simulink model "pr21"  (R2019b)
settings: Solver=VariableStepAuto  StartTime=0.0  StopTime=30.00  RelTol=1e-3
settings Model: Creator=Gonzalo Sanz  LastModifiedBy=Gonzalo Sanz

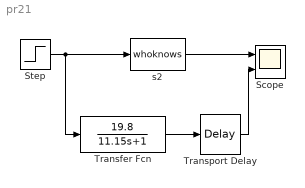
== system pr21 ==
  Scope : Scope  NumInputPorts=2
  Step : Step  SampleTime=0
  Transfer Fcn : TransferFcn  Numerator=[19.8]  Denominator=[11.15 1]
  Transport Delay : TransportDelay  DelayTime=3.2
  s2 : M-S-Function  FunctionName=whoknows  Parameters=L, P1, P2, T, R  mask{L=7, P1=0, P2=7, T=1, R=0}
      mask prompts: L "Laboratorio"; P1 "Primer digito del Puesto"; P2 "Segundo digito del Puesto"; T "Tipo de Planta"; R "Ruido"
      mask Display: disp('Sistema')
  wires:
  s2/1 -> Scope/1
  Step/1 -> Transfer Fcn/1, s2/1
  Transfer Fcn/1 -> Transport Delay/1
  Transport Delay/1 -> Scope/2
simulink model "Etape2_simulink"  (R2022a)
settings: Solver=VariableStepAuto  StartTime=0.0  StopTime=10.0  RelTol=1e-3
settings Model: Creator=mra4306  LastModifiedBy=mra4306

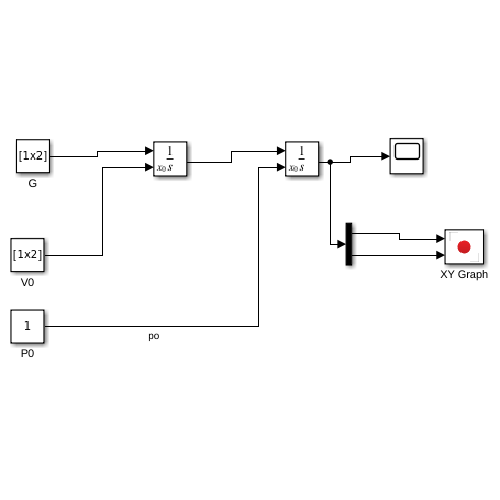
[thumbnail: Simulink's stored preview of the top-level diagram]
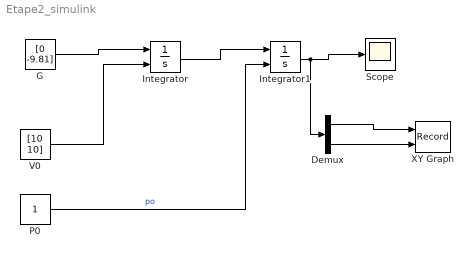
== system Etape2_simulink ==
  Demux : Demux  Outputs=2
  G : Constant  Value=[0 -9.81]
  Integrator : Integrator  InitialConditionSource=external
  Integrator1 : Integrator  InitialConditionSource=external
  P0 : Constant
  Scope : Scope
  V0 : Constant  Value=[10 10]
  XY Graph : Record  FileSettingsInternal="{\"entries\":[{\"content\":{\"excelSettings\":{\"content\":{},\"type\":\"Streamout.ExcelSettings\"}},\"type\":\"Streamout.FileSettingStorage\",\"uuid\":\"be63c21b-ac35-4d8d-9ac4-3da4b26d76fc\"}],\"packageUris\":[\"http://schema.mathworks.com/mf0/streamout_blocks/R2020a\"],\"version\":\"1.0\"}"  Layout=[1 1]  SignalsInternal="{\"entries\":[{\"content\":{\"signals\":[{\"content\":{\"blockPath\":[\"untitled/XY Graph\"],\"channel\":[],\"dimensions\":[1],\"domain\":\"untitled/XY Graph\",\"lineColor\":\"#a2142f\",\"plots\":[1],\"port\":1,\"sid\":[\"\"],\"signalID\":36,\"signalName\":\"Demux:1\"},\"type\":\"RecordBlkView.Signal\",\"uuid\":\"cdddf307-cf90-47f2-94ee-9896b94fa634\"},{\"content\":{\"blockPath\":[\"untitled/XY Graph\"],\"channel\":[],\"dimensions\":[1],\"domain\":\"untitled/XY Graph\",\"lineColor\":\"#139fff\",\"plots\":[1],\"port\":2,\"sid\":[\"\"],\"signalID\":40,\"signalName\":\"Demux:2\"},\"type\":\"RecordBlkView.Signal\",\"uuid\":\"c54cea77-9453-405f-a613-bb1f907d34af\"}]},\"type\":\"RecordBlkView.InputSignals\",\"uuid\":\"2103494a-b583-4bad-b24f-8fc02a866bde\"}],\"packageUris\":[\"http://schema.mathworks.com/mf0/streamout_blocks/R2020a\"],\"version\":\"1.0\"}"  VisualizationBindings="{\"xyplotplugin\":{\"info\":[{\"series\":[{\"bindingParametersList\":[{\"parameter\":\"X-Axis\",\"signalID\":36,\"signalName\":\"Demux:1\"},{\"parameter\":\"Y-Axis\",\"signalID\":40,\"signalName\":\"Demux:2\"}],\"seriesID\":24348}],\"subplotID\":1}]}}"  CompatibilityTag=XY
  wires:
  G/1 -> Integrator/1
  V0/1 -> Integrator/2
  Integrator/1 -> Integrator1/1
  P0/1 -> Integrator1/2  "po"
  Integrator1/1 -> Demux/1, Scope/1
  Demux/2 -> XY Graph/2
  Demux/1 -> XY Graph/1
##########
Reproduce verbatim the lines of the material above, beginning with its first line and ending with the line that contains "V0 : Constant"; skip pictures.

simulink model "pr21"  (R2019b)
settings: Solver=VariableStepAuto  StartTime=0.0  StopTime=30.00  RelTol=1e-3
settings Model: Creator=Gonzalo Sanz  LastModifiedBy=Gonzalo Sanz

== system pr21 ==
  Scope : Scope  NumInputPorts=2
  Step : Step  SampleTime=0
  Transfer Fcn : TransferFcn  Numerator=[19.8]  Denominator=[11.15 1]
  Transport Delay : TransportDelay  DelayTime=3.2
  s2 : M-S-Function  FunctionName=whoknows  Parameters=L, P1, P2, T, R  mask{L=7, P1=0, P2=7, T=1, R=0}
      mask prompts: L "Laboratorio"; P1 "Primer digito del Puesto"; P2 "Segundo digito del Puesto"; T "Tipo de Planta"; R "Ruido"
      mask Display: disp('Sistema')
  wires:
  s2/1 -> Scope/1
  Step/1 -> Transfer Fcn/1, s2/1
  Transfer Fcn/1 -> Transport Delay/1
  Transport Delay/1 -> Scope/2
simulink model "Etape2_simulink"  (R2022a)
settings: Solver=VariableStepAuto  StartTime=0.0  StopTime=10.0  RelTol=1e-3
settings Model: Creator=mra4306  LastModifiedBy=mra4306

[thumbnail: Simulink's stored preview of the top-level diagram]
== system Etape2_simulink ==
  Demux : Demux  Outputs=2
  G : Constant  Value=[0 -9.81]
  Integrator : Integrator  InitialConditionSource=external
  Integrator1 : Integrator  InitialConditionSource=external
  P0 : Constant
  Scope : Scope
  V0 : Constant  Value=[10 10]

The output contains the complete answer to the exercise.